Verónica Llinás es una actriz con mayúsculas, de esas que se desafían en cada proyecto y siempre piden más. Ahora, a contramano de esos personajes simpáticos que se ganaron el corazón de la gente con su humor popular, va en otra dirección. Pero decir que interpretará a una mera villana es quedarnos cortos.

Ellos me pidieron un monstruo. Y yo hice todo lo posible para darles un monstruo”, dijo en una reciente entrevista, sin vueltas, sobre La Gringa Casares, la criatura oscura y temible que encarna en ” En el barro”, el spin-off de ” El Marginal” cuya segunda temporada llega este viernes 13 de febrero a Netflix.

A los 65 años, con una carrera que pasea con naturalidad del humor más filoso al drama más espeso, Llinás se mete de cabeza en uno de los personajes más extremos de su trayectoria. Esta vez, La Gringa Casares es la “capanga” del penal de mujeres La Quebrada: maneja poder, alianzas, violencia y deseo. Y tiene bajo su órbita a Nicole García, la prostituta de lujo que interpreta la China Suárez, en una relación tan intensa como incómoda, hecha de control, sometimiento y celos.

“A mí la densidad de un personaje maligno no me cuesta”, admite. “Todos los actores queremos que nos quieran. Mi lucha era que la excesividad de La Gringa Casares no fuera demasiado: tratar de encontrarle el punto de graduación”, apunta sobre sub construcción del personaje.

Pero componer un monstruo no es solo cuestión de maquillaje. “No es fácil componer un monstruo, porque uno tiene que apelar a sus propias monstruosidades. Y dejar en evidencia sus propias monstruosidades a todo el mundo le da vergüenza y temor: mostrás lo que no se debería ver. Cada vez que me veo como la Gringa Casares me quiero morir. Y me digo: ‘¿Tan fea era yo?’”, se confesó.

Sin maquillaje, con el pelo teñido, cejas tupidas y un rostro trabajado para incomodar, Llinás logra algo clave para cualquier buen actor: dejarse absorber por el personaje, al punto de que no reconozcamos al intérprete que hay detrás. “No me reconoció nadie. Eso fue increíble”, recuerda.

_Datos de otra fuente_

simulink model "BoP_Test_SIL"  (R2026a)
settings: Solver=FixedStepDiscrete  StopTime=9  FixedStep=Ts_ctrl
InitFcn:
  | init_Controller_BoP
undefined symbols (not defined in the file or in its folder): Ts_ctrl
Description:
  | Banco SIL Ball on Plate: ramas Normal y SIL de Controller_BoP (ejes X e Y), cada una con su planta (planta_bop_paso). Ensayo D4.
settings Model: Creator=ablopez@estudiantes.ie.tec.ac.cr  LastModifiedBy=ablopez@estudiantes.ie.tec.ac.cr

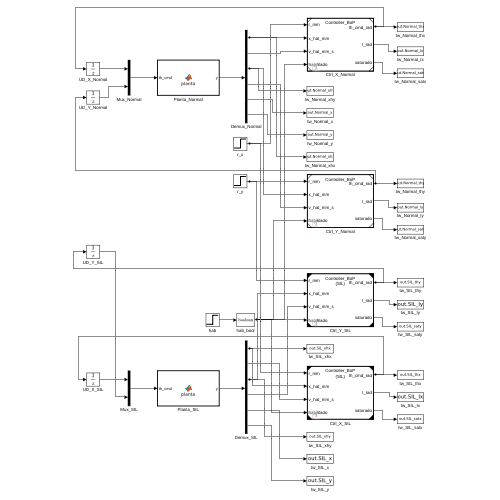
[thumbnail: Simulink's stored preview of the top-level diagram]
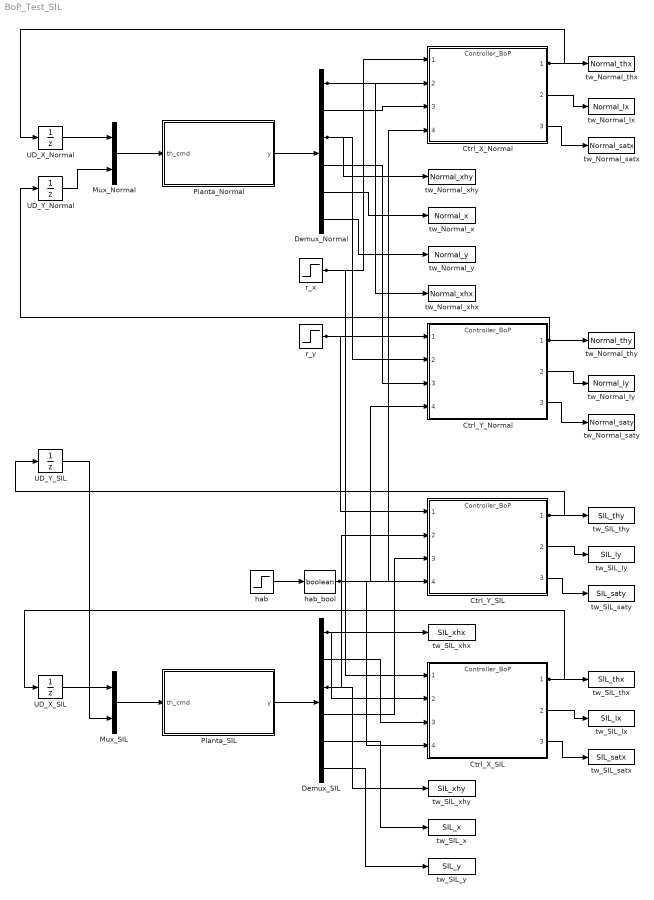
== system BoP_Test_SIL ==
  Ctrl_X_Normal : ModelReference  ModelNameDialog=Controller_BoP  SimulationMode=Normal  ModelReferenceVersion=1.1
  Ctrl_X_SIL : ModelReference  ModelNameDialog=Controller_BoP  SimulationMode=Software-in-the-loop (SIL)  ModelReferenceVersion=1.1
  Ctrl_Y_Normal : ModelReference  ModelNameDialog=Controller_BoP  SimulationMode=Normal  ModelReferenceVersion=1.1
  Ctrl_Y_SIL : ModelReference  ModelNameDialog=Controller_BoP  SimulationMode=Software-in-the-loop (SIL)  ModelReferenceVersion=1.1
  Demux_Normal : Demux  Outputs=6
  Demux_SIL : Demux  Outputs=6
  Mux_Normal : Mux  Inputs=2
  Mux_SIL : Mux  Inputs=2
  Planta_Normal : MATLAB Function  TreatAsAtomicUnit=on
  Planta_SIL : MATLAB Function  TreatAsAtomicUnit=on
  UD_X_Normal : UnitDelay  SampleTime=Ts_ctrl
  UD_X_SIL : UnitDelay  SampleTime=Ts_ctrl
  UD_Y_Normal : UnitDelay  SampleTime=Ts_ctrl
  UD_Y_SIL : UnitDelay  SampleTime=Ts_ctrl
  hab : Step  Time=0.5  SampleTime=Ts_ctrl
  hab_bool : DataTypeConversion  OutDataTypeStr=boolean  SaturateOnIntegerOverflow=off  RndMeth=Floor
  r_x : Step  Time=4.5  FinalValue=50  SampleTime=Ts_ctrl
  r_y : Step  Time=4.5  FinalValue=50  SampleTime=Ts_ctrl
  tw_Normal_Ix : ToWorkspace  VariableName=Normal_Ix  SaveFormat=Timeseries  SampleTime=-1
  tw_Normal_Iy : ToWorkspace  VariableName=Normal_Iy  SaveFormat=Timeseries  SampleTime=-1
  tw_Normal_satx : ToWorkspace  VariableName=Normal_satx  SaveFormat=Timeseries  SampleTime=-1
  tw_Normal_saty : ToWorkspace  VariableName=Normal_saty  SaveFormat=Timeseries  SampleTime=-1
  tw_Normal_thx : ToWorkspace  VariableName=Normal_thx  SaveFormat=Timeseries  SampleTime=-1
  tw_Normal_thy : ToWorkspace  VariableName=Normal_thy  SaveFormat=Timeseries  SampleTime=-1
  tw_Normal_x : ToWorkspace  VariableName=Normal_x  SaveFormat=Timeseries  SampleTime=-1
  tw_Normal_xhx : ToWorkspace  VariableName=Normal_xhx  SaveFormat=Timeseries  SampleTime=-1
  tw_Normal_xhy : ToWorkspace  VariableName=Normal_xhy  SaveFormat=Timeseries  SampleTime=-1
  tw_Normal_y : ToWorkspace  VariableName=Normal_y  SaveFormat=Timeseries  SampleTime=-1
  tw_SIL_Ix : ToWorkspace  VariableName=SIL_Ix  SaveFormat=Timeseries  SampleTime=-1
  tw_SIL_Iy : ToWorkspace  VariableName=SIL_Iy  SaveFormat=Timeseries  SampleTime=-1
  tw_SIL_satx : ToWorkspace  VariableName=SIL_satx  SaveFormat=Timeseries  SampleTime=-1
  tw_SIL_saty : ToWorkspace  VariableName=SIL_saty  SaveFormat=Timeseries  SampleTime=-1
  tw_SIL_thx : ToWorkspace  VariableName=SIL_thx  SaveFormat=Timeseries  SampleTime=-1
  tw_SIL_thy : ToWorkspace  VariableName=SIL_thy  SaveFormat=Timeseries  SampleTime=-1
  tw_SIL_x : ToWorkspace  VariableName=SIL_x  SaveFormat=Timeseries  SampleTime=-1
  tw_SIL_xhx : ToWorkspace  VariableName=SIL_xhx  SaveFormat=Timeseries  SampleTime=-1
  tw_SIL_xhy : ToWorkspace  VariableName=SIL_xhy  SaveFormat=Timeseries  SampleTime=-1
  tw_SIL_y : ToWorkspace  VariableName=SIL_y  SaveFormat=Timeseries  SampleTime=-1
  wires:
  Ctrl_X_SIL/3 -> tw_SIL_satx/1
  Ctrl_X_SIL/1 -> tw_SIL_thx/1, UD_X_SIL/1
  Ctrl_Y_SIL/2 -> tw_SIL_Iy/1
  Ctrl_Y_Normal/3 -> tw_Normal_saty/1
  Demux_Normal/4 -> Ctrl_Y_Normal/3
  Ctrl_X_Normal/2 -> tw_Normal_Ix/1
  Ctrl_Y_Normal/2 -> tw_Normal_Iy/1
  Demux_Normal/2 -> Ctrl_X_Normal/3
  Demux_Normal/1 -> tw_Normal_xhx/1, Ctrl_X_Normal/2
  Ctrl_X_Normal/1 -> tw_Normal_thx/1, UD_X_Normal/1
  Demux_Normal/3 -> tw_Normal_xhy/1, Ctrl_Y_Normal/2
  Ctrl_X_SIL/2 -> tw_SIL_Ix/1
  hab_bool/1 -> Ctrl_Y_SIL/4, Ctrl_X_SIL/4, Ctrl_Y_Normal/4, Ctrl_X_Normal/4
  Planta_SIL/1(y) -> Demux_SIL/1
  Planta_Normal/1(y) -> Demux_Normal/1
  Mux_SIL/1 -> Planta_SIL/1(th_cmd)
  UD_Y_SIL/1 -> Mux_SIL/2
  Mux_Normal/1 -> Planta_Normal/1(th_cmd)
  UD_Y_Normal/1 -> Mux_Normal/2
  Ctrl_Y_SIL/3 -> tw_SIL_saty/1
  Ctrl_Y_SIL/1 -> tw_SIL_thy/1, UD_Y_SIL/1
  UD_X_Normal/1 -> Mux_Normal/1
  Demux_Normal/6 -> tw_Normal_y/1
  Demux_SIL/3 -> tw_SIL_xhy/1, Ctrl_Y_SIL/2
  Demux_Normal/5 -> tw_Normal_x/1
  Demux_SIL/1 -> tw_SIL_xhx/1, Ctrl_X_SIL/2
  r_x/1 -> Ctrl_X_SIL/1, Ctrl_X_Normal/1
  r_y/1 -> Ctrl_Y_SIL/1, Ctrl_Y_Normal/1
  Demux_SIL/2 -> Ctrl_X_SIL/3
  Demux_SIL/4 -> Ctrl_Y_SIL/3
  hab/1 -> hab_bool/1
  Demux_SIL/6 -> tw_SIL_y/1
  Demux_SIL/5 -> tw_SIL_x/1
  Ctrl_X_Normal/3 -> tw_Normal_satx/1
  UD_X_SIL/1 -> Mux_SIL/1
  Ctrl_Y_Normal/1 -> tw_Normal_thy/1, UD_Y_Normal/1

== matlab function BoP_Test_SIL/Planta_Normal ==
  data: th_cmd input; y output
function y = planta(th_cmd)
%#codegen
% Planta del banco: ver etapaF/funciones/planta_bop_paso.m
persistent S
Pp = planta_bop_param();
if isempty(S)
    S = planta_bop_estado0(Pp);
end
[y, S] = planta_bop_paso(th_cmd, S, Pp);
end

== matlab function BoP_Test_SIL/Planta_SIL ==
  data: th_cmd input; y output
function y = planta(th_cmd)
%#codegen
% Planta del banco: ver etapaF/funciones/planta_bop_paso.m
persistent S
Pp = planta_bop_param();
if isempty(S)
    S = planta_bop_estado0(Pp);
end
[y, S] = planta_bop_paso(th_cmd, S, Pp);
end

La Gringa es una presa VIP, una estratega carcelaria que sabe cómo mover los hilos. Tiene un séquito, una hija, enemigos vencidos y un vínculo profundamente violento con Nicole, el personaje de la China Suárez. “La Gringa Casares tiene un vínculo violento y de sometimiento con el personaje de la China Suárez”, cuenta Llinás, pero aclara que su búsqueda fue otra: “Yo busqué que toda la crueldad que La Gringa ejerce no le fuera gratuita, porque no me gustan los personajes que tienen una sola cara”.

Ahí está el punto: La Gringa no es maldad plana. También padece su propio impulso. “Es un impulso que le sale naturalmente, pero la ves sufriendo eso mismo en carne y hueso”, dice la actriz.

Sobre la China Suárez, Llinás es clara y generosa: “A ella se la ve haciendo algo que no hace habitualmente”. Y amplía: “Me parece que es muy interesante el rol que le tocó a la China en ‘En el barro’, por el momento en el que ella está de su carrera”.

La cárcel, para Llinás, es un mundo comprimido. “Se ven los poderes, las alianzas, las traiciones. Es un compilado del mundo. Está todo ahí, comprimido y exacerbado”, dice, aunque aclara que su mirada es especulativa: “No tiene la obligación de ser ciento por ciento real, porque para eso están los documentales”.

Mientras “En el barro” se prepara para un estreno que dará mucho que hablar, Llinás ya tiene otro desafío enorme en el horizonte: una película de Netflix sobre la dictadura, dirigida por Santiago Mitre (“Argentina 1985”) y escrita junto a su hermano, el descomunal guionista y cineasta Mariano Llinás. Allí será una madre que busca a su hijo desaparecido. Un rol muy distinto, pero igual de comprometido.